# FR: en / dans + durée



## gargaritz

hello!

i'm not sure what the difference is between:

_Il part __dans__ 2 jours.

Il part __en __2 jours._

and I would like to translate "Elections in France will take place in 4 days time."

I remember something about one of them refering to a moment and the other to a period, but can't tell which means what.

Thanks a lot!


*Moderator note:* Multiple threads have been merged to create this one.


----------



## DMini

Hello,



> I remember something about one of them refering to a moment and the other to a period, but can't tell which means what.

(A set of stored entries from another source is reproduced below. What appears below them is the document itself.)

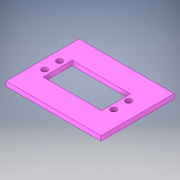
# Autodesk Inventor part: Hombro_servo
Saved by Autodesk Inventor 2019 (Build 230136000, 136)
## iProperties
Created: 2020-02-08
Part Number: Hombro_servo
Material: Generic
Document SubType Name: Modeling
Designer: Omar
Density: 1 g/cm^3
Appearance: Default
Author: Omar
Autodesk Inventor part; units mm, degrees
ref_plane "YZ Plane" through (0, 0, 0) normal (1, 0, 0) x (0, 1, 0)
ref_plane "XZ Plane" through (0, 0, 0) normal (0, 1, 0) x (-1, 0, 0)
ref_plane "XY Plane" through (0, 0, 0) normal (0, 0, 1) x (1, 0, 0)
sketch "Sketch1" plane through (0, 0, 0) normal (0, 1, 0) x (-1, 0, 0)
  circle A0 centre (-33.79, -5.085) radius 2
  circle A1 centre (-33.79, 5.085) radius 2
  circle A2 centre (13.47, -5.085) radius 2
  circle A3 centre (13.47, 5.085) radius 2
  line L0 (20, 25) -> (-45, 25)
  line L1 (-45, 25) -> (-45, -25)
  line L2 (-45, -25) -> (20, -25)
  line L3 (20, -25) -> (20, 25)
  line L4 (9.66, 9.91) -> (-30.22, 9.91)
  line L5 (-30.22, 9.91) -> (-30.22, -9.91)
  line L6 (-30.22, -9.91) -> (9.66, -9.91)
  line L7 (9.66, -9.91) -> (9.66, 9.91)
  point P0 (0, 0)
  point P1 (0, 0)
  dimension "d0" = 4
  dimension "d1" = 4
  dimension "d2" = 4
  dimension "d3" = 4
  dimension "d4" = 13.47
  dimension "d5" = 5.085
  dimension "d6" = 10.17
  dimension "d7" = 13.47
  dimension "d8" = 33.79
  dimension "d9" = 5.085
  dimension "d10" = 10.17
  dimension "d12" = 50
  dimension "d13" = 65
  dimension "d15" = 25
  dimension "d25" = 9.66
  dimension "d26" = 19.82
  dimension "d27" = 9.91
  dimension "d28" = 39.88
  dimension "d29" = 33.79
  dimension "d30" = 20
  constraints: 16 end point, 4 centre point, 4 parallel, 2 horizontal, 2 perpendicular, 1 coincident
  measures "d0" diameter of A0
  measures "d1" diameter of A1
  measures "d2" diameter of A2
  measures "d3" diameter of A3
  measures "d4" horizontal distance of A2.centre point (0, 0)
  measures "d5" vertical distance of A2.centre point (0, 0)
  measures "d6" distance of A3.centre A2.centre
  measures "d7" horizontal distance of point (0, 0) A3.centre
  measures "d8" horizontal distance of A1.centre point (0, 0)
  measures "d9" vertical distance of A1.centre point (0, 0)
  measures "d10" distance of A0.centre A1.centre
  measures "d12" distance of L0.end L1.end
  measures "d13" distance of L0.start L0.end
  measures "d15" distance from line of L0 point (0, 0)
  measures "d25" distance from line of L7 point (0, 0)
  measures "d26" distance of L6.end L4.start
  measures "d27" distance from line of point (0, 0) L6
  measures "d28" distance of L5.end L6.end
  measures "d29" horizontal distance of point (0, 0) A0.centre
  measures "d30" distance from line of L3 point (0, 0)
extrude "Extrusion1" add sketch "Sketch1" along normal blind 3.18
body "Solid1"

*dans* is for a moment: _Les élections en France vont avoir lieu* dans* deux jours._
*en* is for a period: _Ils ont fait le tour du monde *en* 80 jours._


----------



## BluesBoyJo

hello!

i'm not sure what the difference is between:

_Il part __dans__ 2 jours is the correct sentence. Meaning he will depart in two days. 
Il part __en __2 jours cannot be used but it would mean something like : it will take him two days to depart.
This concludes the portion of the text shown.